Task instructions
Where a line of the entries holds the string "BuildSketch", copy that line.

Given records
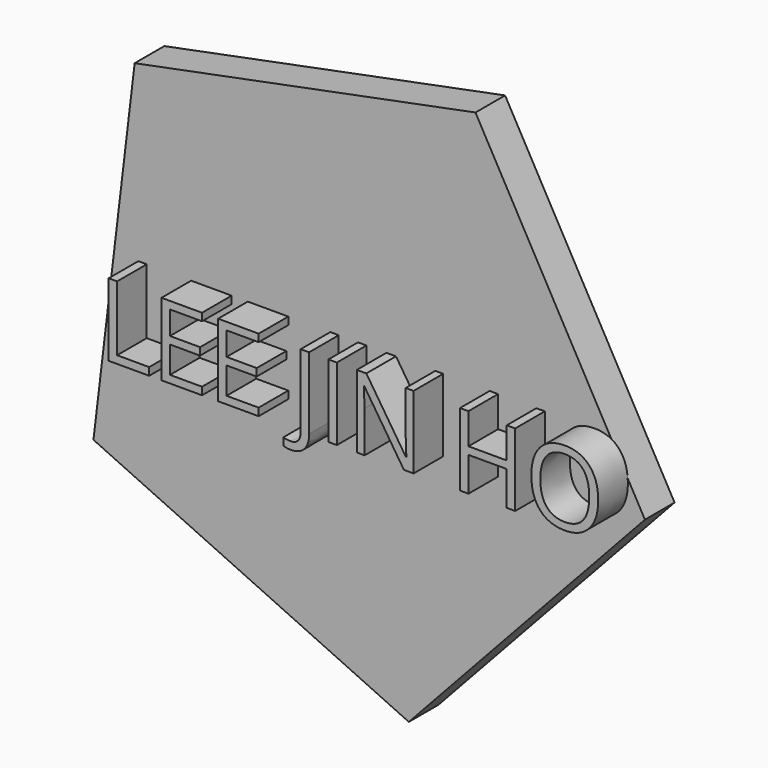
from build123d import *

# Parameters (mm, degrees)
F1_DEPTH     = 7
F2_TEXT_SIZE = 19.2506781448
F3_DEPTH     = 7


# Not quite as in the source:
# - Text() gives the source's letters only with a copy of the font that has no kerning and outlines rounded to 1/6400 em; it was checked with that copy


with BuildPart() as f1:
    # F0 (on Front) → F1 (new body)
    with BuildSketch(Plane.XZ):
        Polygon((55.483352482, -6.6271556232), (23.4480983618, 50.719900212), (-40.9916307229, 37.9737778602), (-48.7823194028, -27.2508148132), (10.8424992819, -54.8157076359), align=None)
    extrude(amount=F1_DEPTH)

    # F2 (on face) → F3 (join)
    with BuildSketch(Plane.XZ.offset(7)):
        with Locations((-42.194634676, -8.4990067407)):
            Text('LEE JIN HO', F2_TEXT_SIZE, font='Open Sans', text_align=(TextAlign.LEFT, TextAlign.BOTTOM))
    extrude(amount=F3_DEPTH)


solid = f1.part

Finished exercise
    with BuildSketch(Plane.XZ):
    with BuildSketch(Plane.XZ.offset(7)):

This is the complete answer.